The foil-boat coin-loading episode[1] prompted me to again wonder, might there
be some way to create connections, from activities like these, to broader
context?

For instance, there are videos of foil boats floating on gas, like[2]. Boats
that are self righting.[3] Adding foam to your recreational boat so it doesn't
sink.[4]

I found it unexpectedly hard to find a basic video on how to load or board
your small open boat or dinghy, to avoid tipping over. Canoes seem a bit too
linear. Something like[5], but with humans, ideally kids.

From past experience, this is the major bottleneck in exercises like this.
I've found current search technology painfully inadequate to find little video
clips illustrating particular concepts. It has the old feel of having a
question, groveling over a paper card catalog, finding books on shelves (or
not), looking at their index and skimming... and failing, failing, failing to
find the answer to your question. Maybe someday dialog and scene understanding
tooling will hit youtube. Until then, it's a frustrating exercise.

There are no doubt many videos which include a swim raft non-scarily flipping
over from people gathering off center. With easily-identified-with kids.
Closely relating to the foil boat video. Not as close as a hands on "here's
how to arrange hampers and people on your rowboat so it doesn't tip over", but
nice. Now try find one of those many videos... I've given up for now.

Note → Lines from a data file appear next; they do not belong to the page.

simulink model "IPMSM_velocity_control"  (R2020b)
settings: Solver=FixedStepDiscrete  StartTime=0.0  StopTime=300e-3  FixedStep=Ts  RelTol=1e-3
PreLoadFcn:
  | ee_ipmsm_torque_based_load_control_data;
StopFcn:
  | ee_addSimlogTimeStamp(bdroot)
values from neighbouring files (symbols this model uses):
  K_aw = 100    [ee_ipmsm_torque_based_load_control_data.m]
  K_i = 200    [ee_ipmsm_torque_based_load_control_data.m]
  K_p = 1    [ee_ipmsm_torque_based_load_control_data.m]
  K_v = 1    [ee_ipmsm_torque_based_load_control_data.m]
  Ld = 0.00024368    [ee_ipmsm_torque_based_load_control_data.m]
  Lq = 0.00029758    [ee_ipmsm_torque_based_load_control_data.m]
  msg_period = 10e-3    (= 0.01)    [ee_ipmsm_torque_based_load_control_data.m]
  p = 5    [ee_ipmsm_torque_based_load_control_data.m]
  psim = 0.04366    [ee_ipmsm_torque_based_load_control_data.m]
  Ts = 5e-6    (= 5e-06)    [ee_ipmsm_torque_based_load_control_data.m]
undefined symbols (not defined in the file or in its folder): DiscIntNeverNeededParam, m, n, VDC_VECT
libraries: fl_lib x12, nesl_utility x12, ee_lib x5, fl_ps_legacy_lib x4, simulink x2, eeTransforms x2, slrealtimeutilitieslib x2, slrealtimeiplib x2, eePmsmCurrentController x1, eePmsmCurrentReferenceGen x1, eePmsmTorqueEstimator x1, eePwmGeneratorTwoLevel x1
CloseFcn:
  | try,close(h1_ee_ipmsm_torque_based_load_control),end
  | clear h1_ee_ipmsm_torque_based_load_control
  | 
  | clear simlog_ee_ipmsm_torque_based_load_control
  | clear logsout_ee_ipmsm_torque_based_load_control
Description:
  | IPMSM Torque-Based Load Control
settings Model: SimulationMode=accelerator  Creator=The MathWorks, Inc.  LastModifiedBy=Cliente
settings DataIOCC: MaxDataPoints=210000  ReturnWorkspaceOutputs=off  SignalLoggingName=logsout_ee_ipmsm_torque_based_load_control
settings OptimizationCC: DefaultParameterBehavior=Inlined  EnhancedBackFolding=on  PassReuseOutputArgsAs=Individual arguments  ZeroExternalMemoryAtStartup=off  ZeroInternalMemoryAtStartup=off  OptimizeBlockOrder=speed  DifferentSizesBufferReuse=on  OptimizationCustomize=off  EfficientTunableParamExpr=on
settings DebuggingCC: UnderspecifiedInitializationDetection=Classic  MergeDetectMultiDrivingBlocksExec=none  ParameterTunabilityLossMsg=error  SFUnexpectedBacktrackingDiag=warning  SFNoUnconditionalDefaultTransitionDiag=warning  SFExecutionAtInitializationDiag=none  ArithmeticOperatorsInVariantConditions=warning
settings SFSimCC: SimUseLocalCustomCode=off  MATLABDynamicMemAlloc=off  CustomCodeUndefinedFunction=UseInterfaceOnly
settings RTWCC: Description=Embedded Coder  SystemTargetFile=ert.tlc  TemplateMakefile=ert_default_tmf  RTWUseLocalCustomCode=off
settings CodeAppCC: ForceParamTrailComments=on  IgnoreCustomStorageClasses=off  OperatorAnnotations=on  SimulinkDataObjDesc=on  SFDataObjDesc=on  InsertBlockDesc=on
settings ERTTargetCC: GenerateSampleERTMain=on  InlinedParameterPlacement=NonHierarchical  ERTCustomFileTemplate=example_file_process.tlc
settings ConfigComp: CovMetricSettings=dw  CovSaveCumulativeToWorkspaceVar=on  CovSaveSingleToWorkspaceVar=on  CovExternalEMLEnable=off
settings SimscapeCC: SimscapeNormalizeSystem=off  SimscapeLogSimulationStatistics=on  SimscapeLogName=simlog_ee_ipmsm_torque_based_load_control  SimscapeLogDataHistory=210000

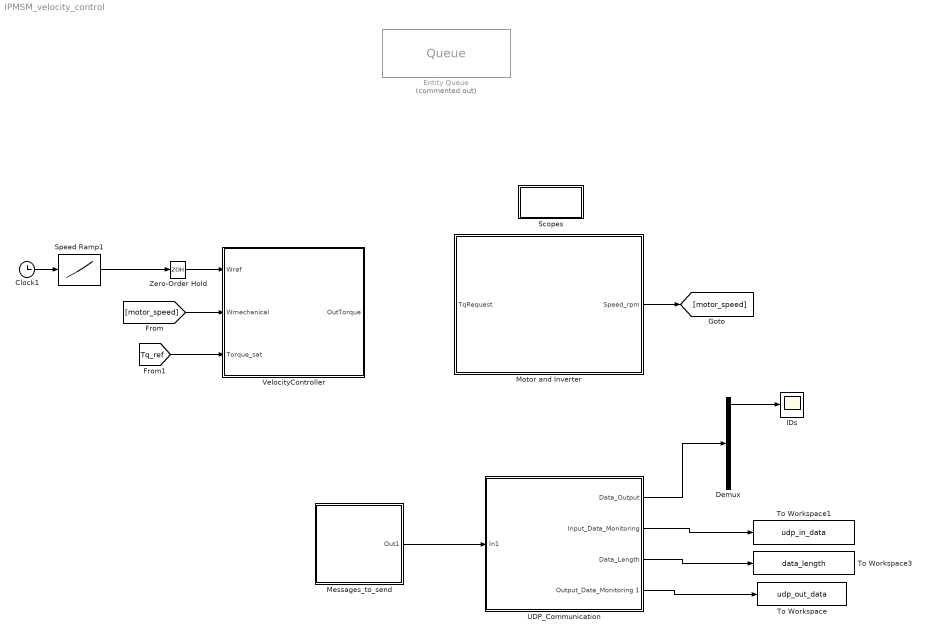
== system IPMSM_velocity_control ==
  Clock1 : Clock
  Demux : Demux  Outputs=5
  Entity Queue : Queue  Commented=on  InputPortMessageModes=m  OutputPortMessageModes=n,m  AverageWait=on
      settings: OutputPortMap=o2,o5
  IDs : Scope
  Messages_to_send : Subsystem
  Motor and Inverter : Subsystem
  Scopes : Subsystem
  Speed Ramp1 : Lookup_n-D  NumberOfTableDimensions=1  BreakpointsForDimension1=[0 .2 2]  Table=[0 200 200]  InternalRulePriority=Speed  RndMeth=Simplest  InputSameDT=on
  To Workspace : ToWorkspace  VariableName=udp_out_data  SaveFormat=Timeseries  SampleTime=-1
      settings: Save2DSignal=2-D array (concatenate along first dimension)
  To Workspace1 : ToWorkspace  VariableName=udp_in_data  SaveFormat=Timeseries  SampleTime=-1
      settings: Save2DSignal=2-D array (concatenate along first dimension)
  To Workspace3 : ToWorkspace  VariableName=data_length  SaveFormat=Timeseries  SampleTime=-1
      settings: Save2DSignal=2-D array (concatenate along first dimension)
  UDP_Communication : Subsystem
  VelocityController : Subsystem
  Zero-Order Hold : ZeroOrderHold  SampleTime=10e-3
  wires:
  Motor and Inverter/1(Speed_rpm) -> [motor_speed]
  Clock1/1 -> Speed Ramp1/1
  [Tq_ref] -> VelocityController/3(Torque_sat)
  Zero-Order Hold/1 -> VelocityController/1(Wref)
  Speed Ramp1/1 -> Zero-Order Hold/1
  Demux/1 -> IDs/1
  UDP_Communication/4(Output_Data_Monitoring 1) -> To Workspace/1
  UDP_Communication/2("Input_Data_Monitoring ") -> To Workspace1/1
  UDP_Communication/3(Data_Length) -> To Workspace3/1
  UDP_Communication/1(Data_Output) -> Demux/1
  Messages_to_send/1(Out1) -> UDP_Communication/1(In1)
  [motor_speed] -> VelocityController/2(Wmechanical)

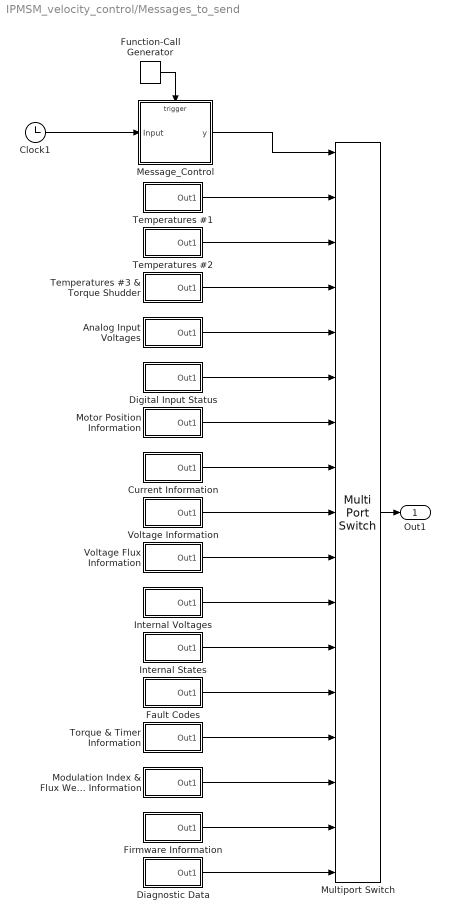
== system IPMSM_velocity_control/Messages_to_send ==
  Analog Input Voltages : Subsystem
  Clock1 : Clock
  Current Information : Subsystem
  Diagnostic Data : Subsystem
  Digital Input Status : Subsystem
  Fault Codes : Subsystem
  Firmware Information : Subsystem
  Function-Call Generator : simulink/Ports & Subsystems/Function-Call Generator  sample_time=1e-5  numberOfIterations=1  DisallowWideOutput=off
  Internal States : Subsystem
  Internal Voltages : Subsystem
  Message_Control : Subsystem
  Modulation Index & Flux Weakening Output Information : Subsystem
  Motor Position Information : Subsystem
  Multiport Switch : MultiPortSwitch  Inputs=16  DiagnosticForDefault=None
  Temperatures #1 : Subsystem
  Temperatures #2 : Subsystem
  Temperatures #3 & Torque Shudder : Subsystem
  Torque & Timer Information : Subsystem
  Voltage Flux Information : Subsystem
  Voltage Information : Subsystem
  Out1 : Outport
  wires:
  Function-Call Generator/1 -> Message_Control/Trigger
  Diagnostic Data/1(Out1) -> Multiport Switch/17
  Voltage Information/1(Out1) -> Multiport Switch/9
  Clock1/1 -> Message_Control/1(Input)
  Message_Control/1(y) -> Multiport Switch/1
  Digital Input Status/1(Out1) -> Multiport Switch/6
  Voltage Flux Information/1(Out1) -> Multiport Switch/10
  Internal Voltages/1(Out1) -> Multiport Switch/11
  Current Information/1(Out1) -> Multiport Switch/8
  Fault Codes/1(Out1) -> Multiport Switch/13
  Torque & Timer Information/1(Out1) -> Multiport Switch/14
  Internal States/1(Out1) -> Multiport Switch/12
  Firmware Information/1(Out1) -> Multiport Switch/16
  Modulation Index & Flux Weakening Output Information/1(Out1) -> Multiport Switch/15
  Multiport Switch/1 -> Out1/1
  Temperatures #2/1(Out1) -> Multiport Switch/3
  Temperatures #3 & Torque Shudder/1(Out1) -> Multiport Switch/4
  Analog Input Voltages/1(Out1) -> Multiport Switch/5
  Motor Position Information/1(Out1) -> Multiport Switch/7
  Temperatures #1/1(Out1) -> Multiport Switch/2

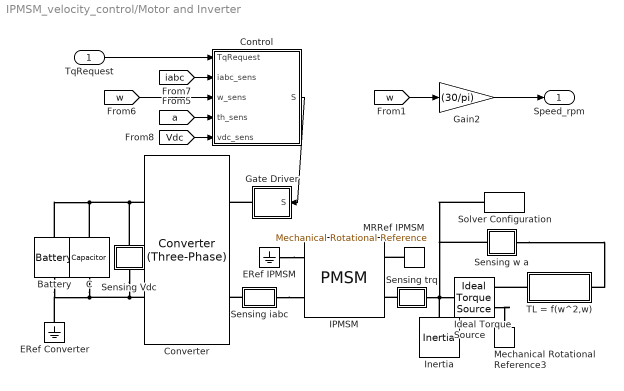
== system IPMSM_velocity_control/Motor and Inverter ==
  TqRequest : Inport
  Battery : ee_lib/Sources/Battery  Vnom=Vnom V  prm_dir=1  R1_dis=2 Ohm  R1_ch=2 Ohm  R1=0.001 Ohm  prm_AH=1  AH=10000 hr*A  V1=V1 V  AH1=3000 hr*A  prm_R2=1  R2=2000 Ohm  prm_dyn=1  Rp1=0.005 Ohm  tau1=30 s  Rp2=0.005 Ohm  tau2=30 s  Rp3=0.005 Ohm  tau3=30 s  Rp4=0.005 Ohm  tau4=30 s  Rp5=0.005 Ohm  tau5=30 s  prm_fade=1  N_fade=100  AH_fade=45 hr*A  R1_fade=2.02 Ohm  R1_ch_fade=2.02 Ohm  V1_fade=10.35 V  i_specify=off  i_priority=None  i=0 A  i_nominal_specify=off  i_nominal_unit=A  i_nominal_value=1  v_specify=off  v_priority=None  v=0 V  v_nominal_specify=off  v_nominal_unit=V  v_nominal_value=1  charge_specify=on  charge_priority=High  charge=8000 hr*A  charge_nominal_specify=off  charge_nominal_unit=hr*A  charge_nominal_value=1  num_cycles_specify=off  num_cycles_priority=High  num_cycles=0  num_cycles_nominal_specify=off  num_cycles_nominal_unit=1  num_cycles_nominal_value=1  thermal_mass=30000 J/K  Tmeas=298.15 K  Vnom_T2=12 V  R1_T2=2.2 Ohm  R1_T2_dis=2.2 Ohm  R1_T2_ch=2.2 Ohm  V1_T2=11.4 V  R2_T2=2200 Ohm  Rp1_T2=0.005 Ohm  tau1_T2=30 s  Rp2_T2=0.005 Ohm  tau2_T2=30 s  Rp3_T2=0.005 Ohm  tau3_T2=30 s  Rp4_T2=0.005 Ohm  tau4_T2=30 s  Rp5_T2=0.005 Ohm  tau5_T2=30 s  Tmeas2=273.15 K  temperature_specify=off  temperature_priority=High  temperature=298.15 K  temperature_nominal_specify=off  temperature_nominal_unit=K  temperature_nominal_value=1
      settings: SourceProductName=Electrical
  C : fl_lib/Electrical/Electrical Elements/Capacitor  c=Cdc F  r=1e-6 Ohm  g=0 1/Ohm  i_specify=off  i_priority=None  i=0 A  i_nominal_specify=off  i_nominal_unit=A  i_nominal_value=1  v_specify=off  v_priority=None  v=0 V  v_nominal_specify=off  v_nominal_unit=V  v_nominal_value=1  vc_specify=on  vc_priority=None  vc=Vnom V  vc_nominal_specify=off  vc_nominal_unit=V  vc_nominal_value=1
      settings: SourceProductName=Foundation Library
  Control : Subsystem
  Converter : ee_lib/Semiconductors & Converters/Converters/Converter (Three-Phase)  device_type=3  Vf=0.8 V  Ron=0.001 Ohm  Rds=0.001 Ohm  Goff=1e-5 1/Ohm  Vth=0.5 V  Vgt=1 V  Vgt_off=-1 V  Ih=1 A  diode_param=2  diode_Vf=0.8 V  diode_Ron=0.001 Ohm  diode_Goff=1e-5 1/Ohm  diode_C=50 nF  diode_iRM=-235 A  diode_iF=300 A  diode_idot=-50 A/us  diode_trr_param=1  diode_trr_factor=3  diode_trr=15 us  diode_Qrr=1.5e+3 s*uA  snubber_type=0  Rs=0.1 Ohm  Cs=1e-7 F
      settings: SourceProductName=Electrical
  ERef Converter : fl_lib/Electrical/Electrical Elements/Electrical Reference
      settings: SourceProductName=Foundation Library
  ERef IPMSM : fl_lib/Electrical/Electrical Elements/Electrical Reference
      settings: SourceProductName=Foundation Library
  Gain2 : Gain  Gain=(30/pi)
  Gate Driver : Subsystem
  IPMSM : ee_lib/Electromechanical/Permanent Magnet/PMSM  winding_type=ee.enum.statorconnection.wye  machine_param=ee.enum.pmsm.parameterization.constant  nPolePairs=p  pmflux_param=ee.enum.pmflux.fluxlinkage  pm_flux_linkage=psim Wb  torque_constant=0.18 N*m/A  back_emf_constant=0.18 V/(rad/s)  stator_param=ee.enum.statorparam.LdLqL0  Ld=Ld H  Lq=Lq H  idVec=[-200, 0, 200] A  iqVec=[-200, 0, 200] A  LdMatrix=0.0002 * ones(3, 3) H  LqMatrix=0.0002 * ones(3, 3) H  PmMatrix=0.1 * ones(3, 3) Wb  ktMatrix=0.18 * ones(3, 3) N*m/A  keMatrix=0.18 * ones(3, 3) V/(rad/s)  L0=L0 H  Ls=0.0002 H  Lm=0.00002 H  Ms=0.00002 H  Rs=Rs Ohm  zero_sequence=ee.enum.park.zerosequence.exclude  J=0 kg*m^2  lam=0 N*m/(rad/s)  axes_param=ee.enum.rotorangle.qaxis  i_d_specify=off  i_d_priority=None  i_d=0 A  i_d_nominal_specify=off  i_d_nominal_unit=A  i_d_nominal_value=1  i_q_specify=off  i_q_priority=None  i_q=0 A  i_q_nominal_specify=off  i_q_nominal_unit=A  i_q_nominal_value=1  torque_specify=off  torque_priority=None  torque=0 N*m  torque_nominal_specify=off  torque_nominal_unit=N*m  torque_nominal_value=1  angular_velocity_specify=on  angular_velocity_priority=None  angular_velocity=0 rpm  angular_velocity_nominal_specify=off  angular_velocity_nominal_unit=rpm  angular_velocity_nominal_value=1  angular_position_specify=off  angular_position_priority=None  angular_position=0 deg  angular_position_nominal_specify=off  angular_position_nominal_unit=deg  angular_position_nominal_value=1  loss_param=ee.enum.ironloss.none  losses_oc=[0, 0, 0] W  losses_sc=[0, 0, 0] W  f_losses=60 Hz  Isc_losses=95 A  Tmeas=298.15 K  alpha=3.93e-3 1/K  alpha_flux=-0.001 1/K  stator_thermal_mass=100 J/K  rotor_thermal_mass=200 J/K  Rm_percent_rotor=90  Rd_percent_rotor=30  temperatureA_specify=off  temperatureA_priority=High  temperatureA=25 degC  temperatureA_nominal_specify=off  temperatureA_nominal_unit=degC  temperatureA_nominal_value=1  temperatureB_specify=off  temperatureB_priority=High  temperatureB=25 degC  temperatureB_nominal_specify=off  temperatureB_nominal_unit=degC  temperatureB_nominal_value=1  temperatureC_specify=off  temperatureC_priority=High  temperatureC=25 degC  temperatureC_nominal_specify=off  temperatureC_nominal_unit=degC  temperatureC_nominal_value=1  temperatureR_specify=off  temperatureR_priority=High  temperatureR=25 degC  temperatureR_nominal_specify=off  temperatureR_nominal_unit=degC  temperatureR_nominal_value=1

Science and engineering and math and life, are such a densely interwoven
tapestry. Accessible and motivational preK to college. But it seems
prohibitively expensive to create content that reflects that at present.

[1]
[https://www.youtube.com/watch?v=teWAPX8WBpw](https://www.youtube.com/watch?v=teWAPX8WBpw)
[2]
[https://www.youtube.com/watch?v=ckaJs_u2U_A](https://www.youtube.com/watch?v=ckaJs_u2U_A)
[https://www.youtube.com/results?search_query=foil+boat+float...](https://www.youtube.com/results?search_query=foil+boat+floating+on+gas)
[3]
[https://www.youtube.com/watch?v=uX4mvzve00c](https://www.youtube.com/watch?v=uX4mvzve00c)
[4]
[https://www.youtube.com/watch?v=b9fCykxxMvE](https://www.youtube.com/watch?v=b9fCykxxMvE)
[5]
[https://www.youtube.com/watch?v=v6O6bzQSQ3s&t=16](https://www.youtube.com/watch?v=v6O6bzQSQ3s&t=16)